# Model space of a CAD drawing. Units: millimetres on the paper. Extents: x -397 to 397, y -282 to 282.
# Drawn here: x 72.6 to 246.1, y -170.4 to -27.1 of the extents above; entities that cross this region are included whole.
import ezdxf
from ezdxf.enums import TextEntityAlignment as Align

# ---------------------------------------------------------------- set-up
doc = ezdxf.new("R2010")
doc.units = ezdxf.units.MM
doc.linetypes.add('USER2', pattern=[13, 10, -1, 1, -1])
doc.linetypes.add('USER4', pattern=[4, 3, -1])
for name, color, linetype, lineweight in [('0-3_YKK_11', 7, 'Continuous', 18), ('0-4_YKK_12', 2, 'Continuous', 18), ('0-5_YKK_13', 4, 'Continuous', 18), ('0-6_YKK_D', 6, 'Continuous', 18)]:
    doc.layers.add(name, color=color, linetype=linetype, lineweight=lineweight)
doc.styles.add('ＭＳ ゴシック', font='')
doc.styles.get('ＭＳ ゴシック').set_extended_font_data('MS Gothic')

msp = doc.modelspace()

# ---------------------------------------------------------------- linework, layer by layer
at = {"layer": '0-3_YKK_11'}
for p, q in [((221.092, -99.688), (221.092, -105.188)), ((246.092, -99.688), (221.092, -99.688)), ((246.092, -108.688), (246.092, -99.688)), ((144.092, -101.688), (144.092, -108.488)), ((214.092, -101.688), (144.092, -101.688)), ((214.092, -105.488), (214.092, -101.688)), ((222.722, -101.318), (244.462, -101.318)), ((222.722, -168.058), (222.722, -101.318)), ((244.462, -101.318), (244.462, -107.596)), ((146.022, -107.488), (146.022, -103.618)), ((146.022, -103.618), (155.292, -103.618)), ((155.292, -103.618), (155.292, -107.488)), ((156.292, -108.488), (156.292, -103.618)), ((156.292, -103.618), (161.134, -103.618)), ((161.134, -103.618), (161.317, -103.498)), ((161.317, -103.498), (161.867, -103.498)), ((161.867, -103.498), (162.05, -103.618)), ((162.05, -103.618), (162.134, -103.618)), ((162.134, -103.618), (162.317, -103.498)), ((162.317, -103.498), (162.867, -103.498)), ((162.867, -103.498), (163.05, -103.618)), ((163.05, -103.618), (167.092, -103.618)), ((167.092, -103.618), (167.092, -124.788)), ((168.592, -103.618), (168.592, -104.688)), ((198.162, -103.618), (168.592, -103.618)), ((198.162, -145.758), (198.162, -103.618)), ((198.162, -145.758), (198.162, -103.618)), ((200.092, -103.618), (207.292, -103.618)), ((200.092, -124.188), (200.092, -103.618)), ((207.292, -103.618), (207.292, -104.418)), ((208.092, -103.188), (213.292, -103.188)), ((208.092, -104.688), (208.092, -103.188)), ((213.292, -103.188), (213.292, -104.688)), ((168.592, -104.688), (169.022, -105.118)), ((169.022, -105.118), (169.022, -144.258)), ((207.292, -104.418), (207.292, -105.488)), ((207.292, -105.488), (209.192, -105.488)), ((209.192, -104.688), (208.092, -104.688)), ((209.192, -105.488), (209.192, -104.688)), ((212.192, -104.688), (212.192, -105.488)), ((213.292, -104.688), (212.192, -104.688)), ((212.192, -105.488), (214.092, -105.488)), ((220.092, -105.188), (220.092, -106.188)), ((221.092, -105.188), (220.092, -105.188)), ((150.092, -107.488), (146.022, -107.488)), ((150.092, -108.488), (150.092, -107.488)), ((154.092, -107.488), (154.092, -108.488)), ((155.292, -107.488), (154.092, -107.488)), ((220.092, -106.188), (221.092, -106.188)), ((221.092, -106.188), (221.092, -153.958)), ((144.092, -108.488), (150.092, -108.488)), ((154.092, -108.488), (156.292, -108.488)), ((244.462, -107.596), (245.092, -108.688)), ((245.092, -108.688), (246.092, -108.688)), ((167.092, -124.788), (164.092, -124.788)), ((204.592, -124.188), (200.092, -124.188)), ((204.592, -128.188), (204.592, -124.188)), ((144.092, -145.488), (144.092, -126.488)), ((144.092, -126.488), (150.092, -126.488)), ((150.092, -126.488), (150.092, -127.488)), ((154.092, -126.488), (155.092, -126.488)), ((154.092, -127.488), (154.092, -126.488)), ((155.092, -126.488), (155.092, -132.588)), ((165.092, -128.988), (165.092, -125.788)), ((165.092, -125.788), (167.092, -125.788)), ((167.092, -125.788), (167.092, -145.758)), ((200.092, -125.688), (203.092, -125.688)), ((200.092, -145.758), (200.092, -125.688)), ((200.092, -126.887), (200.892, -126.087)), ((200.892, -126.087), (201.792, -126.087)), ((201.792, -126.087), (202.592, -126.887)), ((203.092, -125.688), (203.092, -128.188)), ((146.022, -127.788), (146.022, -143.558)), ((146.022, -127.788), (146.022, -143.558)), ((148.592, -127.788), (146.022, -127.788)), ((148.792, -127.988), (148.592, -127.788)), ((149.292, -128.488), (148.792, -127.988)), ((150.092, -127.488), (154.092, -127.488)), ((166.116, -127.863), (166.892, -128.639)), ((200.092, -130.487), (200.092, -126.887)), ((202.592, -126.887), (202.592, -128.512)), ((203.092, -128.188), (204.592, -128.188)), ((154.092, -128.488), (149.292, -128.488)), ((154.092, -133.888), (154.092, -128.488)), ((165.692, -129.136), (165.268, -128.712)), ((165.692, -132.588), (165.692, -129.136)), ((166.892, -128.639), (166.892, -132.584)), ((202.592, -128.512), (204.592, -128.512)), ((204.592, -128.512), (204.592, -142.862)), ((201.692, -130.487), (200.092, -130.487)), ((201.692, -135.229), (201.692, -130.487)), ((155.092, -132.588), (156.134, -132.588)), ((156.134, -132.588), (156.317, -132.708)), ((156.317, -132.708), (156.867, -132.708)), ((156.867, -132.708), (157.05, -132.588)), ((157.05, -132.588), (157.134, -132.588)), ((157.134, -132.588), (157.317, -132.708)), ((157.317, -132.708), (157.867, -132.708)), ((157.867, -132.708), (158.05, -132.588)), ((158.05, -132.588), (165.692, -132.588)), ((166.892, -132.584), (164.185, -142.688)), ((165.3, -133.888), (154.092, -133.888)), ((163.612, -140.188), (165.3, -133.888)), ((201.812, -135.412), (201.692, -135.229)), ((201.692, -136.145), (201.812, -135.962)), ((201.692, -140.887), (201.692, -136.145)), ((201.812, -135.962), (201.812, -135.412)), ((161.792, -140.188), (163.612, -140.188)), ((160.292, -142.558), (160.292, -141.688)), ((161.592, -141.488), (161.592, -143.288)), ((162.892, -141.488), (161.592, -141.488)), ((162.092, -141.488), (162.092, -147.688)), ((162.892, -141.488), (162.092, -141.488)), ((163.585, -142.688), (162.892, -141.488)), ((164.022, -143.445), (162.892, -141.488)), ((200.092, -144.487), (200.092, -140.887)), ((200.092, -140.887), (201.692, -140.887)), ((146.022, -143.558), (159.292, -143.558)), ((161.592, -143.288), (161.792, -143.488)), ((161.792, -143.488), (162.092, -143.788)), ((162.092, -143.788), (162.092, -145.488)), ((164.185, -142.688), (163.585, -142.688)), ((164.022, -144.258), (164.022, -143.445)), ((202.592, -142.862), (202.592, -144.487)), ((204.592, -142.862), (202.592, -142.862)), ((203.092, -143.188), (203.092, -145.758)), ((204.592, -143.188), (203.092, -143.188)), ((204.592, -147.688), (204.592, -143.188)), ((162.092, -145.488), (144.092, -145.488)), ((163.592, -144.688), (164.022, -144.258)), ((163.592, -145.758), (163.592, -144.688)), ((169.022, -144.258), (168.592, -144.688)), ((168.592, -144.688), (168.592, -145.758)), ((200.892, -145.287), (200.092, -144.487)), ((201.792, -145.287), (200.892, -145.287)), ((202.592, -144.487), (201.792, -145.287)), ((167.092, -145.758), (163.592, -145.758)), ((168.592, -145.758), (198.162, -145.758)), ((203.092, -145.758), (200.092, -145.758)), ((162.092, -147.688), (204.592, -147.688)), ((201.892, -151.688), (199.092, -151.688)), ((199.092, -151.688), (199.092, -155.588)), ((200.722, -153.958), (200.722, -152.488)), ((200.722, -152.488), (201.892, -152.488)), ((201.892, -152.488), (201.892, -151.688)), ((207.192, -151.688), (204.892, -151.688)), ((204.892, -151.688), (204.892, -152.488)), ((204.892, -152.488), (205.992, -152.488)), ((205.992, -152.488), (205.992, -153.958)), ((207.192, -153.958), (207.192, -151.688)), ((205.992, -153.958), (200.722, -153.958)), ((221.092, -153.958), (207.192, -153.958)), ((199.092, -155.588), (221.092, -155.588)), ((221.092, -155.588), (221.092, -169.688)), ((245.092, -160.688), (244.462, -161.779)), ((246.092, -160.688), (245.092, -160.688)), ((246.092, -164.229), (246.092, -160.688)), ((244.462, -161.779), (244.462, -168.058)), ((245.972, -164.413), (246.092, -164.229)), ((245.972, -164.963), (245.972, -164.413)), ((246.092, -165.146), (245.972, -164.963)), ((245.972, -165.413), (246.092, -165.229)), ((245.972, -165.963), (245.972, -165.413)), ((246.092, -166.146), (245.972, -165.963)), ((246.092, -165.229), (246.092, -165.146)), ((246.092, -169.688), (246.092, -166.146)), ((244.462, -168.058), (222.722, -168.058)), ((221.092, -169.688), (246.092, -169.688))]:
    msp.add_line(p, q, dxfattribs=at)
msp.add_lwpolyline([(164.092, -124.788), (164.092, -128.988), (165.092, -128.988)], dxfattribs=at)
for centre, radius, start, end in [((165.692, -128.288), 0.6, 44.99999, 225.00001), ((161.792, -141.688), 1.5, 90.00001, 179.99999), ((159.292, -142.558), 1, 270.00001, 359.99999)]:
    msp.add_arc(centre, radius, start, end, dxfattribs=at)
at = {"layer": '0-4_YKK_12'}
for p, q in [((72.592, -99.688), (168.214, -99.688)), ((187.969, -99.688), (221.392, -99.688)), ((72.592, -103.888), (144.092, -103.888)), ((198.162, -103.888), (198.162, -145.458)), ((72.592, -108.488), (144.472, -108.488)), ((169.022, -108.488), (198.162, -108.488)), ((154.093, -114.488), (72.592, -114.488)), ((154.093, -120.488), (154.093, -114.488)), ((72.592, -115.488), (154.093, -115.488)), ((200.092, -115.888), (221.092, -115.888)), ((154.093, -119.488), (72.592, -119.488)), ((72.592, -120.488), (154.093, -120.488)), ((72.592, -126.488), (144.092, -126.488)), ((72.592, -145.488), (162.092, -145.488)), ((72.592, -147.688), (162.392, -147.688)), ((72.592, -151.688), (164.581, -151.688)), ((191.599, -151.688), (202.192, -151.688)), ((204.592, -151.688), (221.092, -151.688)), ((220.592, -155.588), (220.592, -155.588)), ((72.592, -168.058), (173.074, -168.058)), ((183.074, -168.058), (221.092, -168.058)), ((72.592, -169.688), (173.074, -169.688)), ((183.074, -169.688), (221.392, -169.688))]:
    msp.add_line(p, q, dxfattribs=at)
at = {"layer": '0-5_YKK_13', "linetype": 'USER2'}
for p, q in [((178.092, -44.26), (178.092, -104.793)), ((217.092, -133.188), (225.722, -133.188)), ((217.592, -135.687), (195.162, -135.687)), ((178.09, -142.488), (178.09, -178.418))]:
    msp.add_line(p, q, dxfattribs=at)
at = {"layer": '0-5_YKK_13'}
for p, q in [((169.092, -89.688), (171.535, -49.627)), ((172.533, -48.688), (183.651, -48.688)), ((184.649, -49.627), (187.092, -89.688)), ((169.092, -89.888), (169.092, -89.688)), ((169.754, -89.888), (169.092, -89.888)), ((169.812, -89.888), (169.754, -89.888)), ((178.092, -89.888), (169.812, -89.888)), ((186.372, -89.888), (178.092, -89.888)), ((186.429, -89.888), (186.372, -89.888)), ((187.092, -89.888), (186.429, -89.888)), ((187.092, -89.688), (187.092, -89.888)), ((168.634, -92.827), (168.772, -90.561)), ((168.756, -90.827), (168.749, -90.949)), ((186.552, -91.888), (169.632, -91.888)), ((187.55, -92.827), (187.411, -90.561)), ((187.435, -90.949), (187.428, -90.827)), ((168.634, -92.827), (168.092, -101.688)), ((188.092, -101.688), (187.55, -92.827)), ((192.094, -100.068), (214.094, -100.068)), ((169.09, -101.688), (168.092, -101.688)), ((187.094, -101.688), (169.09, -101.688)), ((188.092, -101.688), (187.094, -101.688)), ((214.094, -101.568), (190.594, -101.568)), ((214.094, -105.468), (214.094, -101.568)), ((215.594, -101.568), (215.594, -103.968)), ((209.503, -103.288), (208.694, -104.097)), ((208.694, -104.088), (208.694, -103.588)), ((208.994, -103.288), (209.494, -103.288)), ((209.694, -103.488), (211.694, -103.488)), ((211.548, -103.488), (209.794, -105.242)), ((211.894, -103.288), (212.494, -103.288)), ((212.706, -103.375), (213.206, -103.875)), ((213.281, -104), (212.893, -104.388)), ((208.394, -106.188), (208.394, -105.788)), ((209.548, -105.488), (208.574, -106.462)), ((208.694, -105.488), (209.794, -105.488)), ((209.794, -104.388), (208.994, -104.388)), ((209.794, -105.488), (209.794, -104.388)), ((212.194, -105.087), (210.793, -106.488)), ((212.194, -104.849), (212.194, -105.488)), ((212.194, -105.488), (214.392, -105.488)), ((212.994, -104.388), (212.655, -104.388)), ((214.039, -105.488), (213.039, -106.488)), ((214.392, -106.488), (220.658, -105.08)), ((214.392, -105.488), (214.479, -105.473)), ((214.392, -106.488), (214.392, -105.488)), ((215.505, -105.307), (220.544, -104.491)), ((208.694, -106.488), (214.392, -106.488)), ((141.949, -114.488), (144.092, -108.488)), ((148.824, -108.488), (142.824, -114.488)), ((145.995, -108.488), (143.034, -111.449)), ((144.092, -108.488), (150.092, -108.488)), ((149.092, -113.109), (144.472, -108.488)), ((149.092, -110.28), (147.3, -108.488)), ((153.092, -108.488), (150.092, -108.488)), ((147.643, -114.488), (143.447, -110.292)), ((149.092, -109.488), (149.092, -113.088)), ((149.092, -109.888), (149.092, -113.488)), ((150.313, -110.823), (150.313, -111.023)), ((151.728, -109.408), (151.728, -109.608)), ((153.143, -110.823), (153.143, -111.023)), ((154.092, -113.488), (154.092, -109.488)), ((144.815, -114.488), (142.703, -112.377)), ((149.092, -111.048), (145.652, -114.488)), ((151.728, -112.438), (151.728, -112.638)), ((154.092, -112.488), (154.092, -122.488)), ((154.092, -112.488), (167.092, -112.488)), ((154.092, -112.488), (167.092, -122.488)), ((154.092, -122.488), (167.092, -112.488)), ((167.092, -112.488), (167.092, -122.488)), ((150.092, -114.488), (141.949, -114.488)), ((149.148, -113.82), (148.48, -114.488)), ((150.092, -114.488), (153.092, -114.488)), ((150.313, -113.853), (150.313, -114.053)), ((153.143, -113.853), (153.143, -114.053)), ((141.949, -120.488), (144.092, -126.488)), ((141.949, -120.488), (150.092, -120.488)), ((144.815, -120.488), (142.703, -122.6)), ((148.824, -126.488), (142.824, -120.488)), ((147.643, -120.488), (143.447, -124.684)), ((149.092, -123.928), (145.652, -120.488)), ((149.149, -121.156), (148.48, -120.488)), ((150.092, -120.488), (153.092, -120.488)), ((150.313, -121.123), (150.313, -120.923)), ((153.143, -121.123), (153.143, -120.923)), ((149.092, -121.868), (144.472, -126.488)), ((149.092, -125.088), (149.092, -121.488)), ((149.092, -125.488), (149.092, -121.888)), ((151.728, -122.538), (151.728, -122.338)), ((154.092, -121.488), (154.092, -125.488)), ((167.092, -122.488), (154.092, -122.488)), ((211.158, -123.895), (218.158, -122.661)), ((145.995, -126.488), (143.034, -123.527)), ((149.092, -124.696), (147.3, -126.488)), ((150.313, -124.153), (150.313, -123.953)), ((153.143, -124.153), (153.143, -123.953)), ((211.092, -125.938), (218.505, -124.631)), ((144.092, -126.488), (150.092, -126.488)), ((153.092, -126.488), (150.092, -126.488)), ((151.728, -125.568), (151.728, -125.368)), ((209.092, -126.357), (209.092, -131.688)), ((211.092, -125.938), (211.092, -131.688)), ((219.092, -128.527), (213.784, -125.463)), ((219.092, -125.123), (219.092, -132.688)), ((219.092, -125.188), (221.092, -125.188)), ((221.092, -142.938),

########################################

## [WHAT YOU SHOULD DO]
If a line in the material contains the word "linetypes", copy that line.

## [RESULT]
doc.linetypes.add('USER2', pattern=[13, 10, -1, 1, -1])
doc.linetypes.add('USER4', pattern=[4, 3, -1])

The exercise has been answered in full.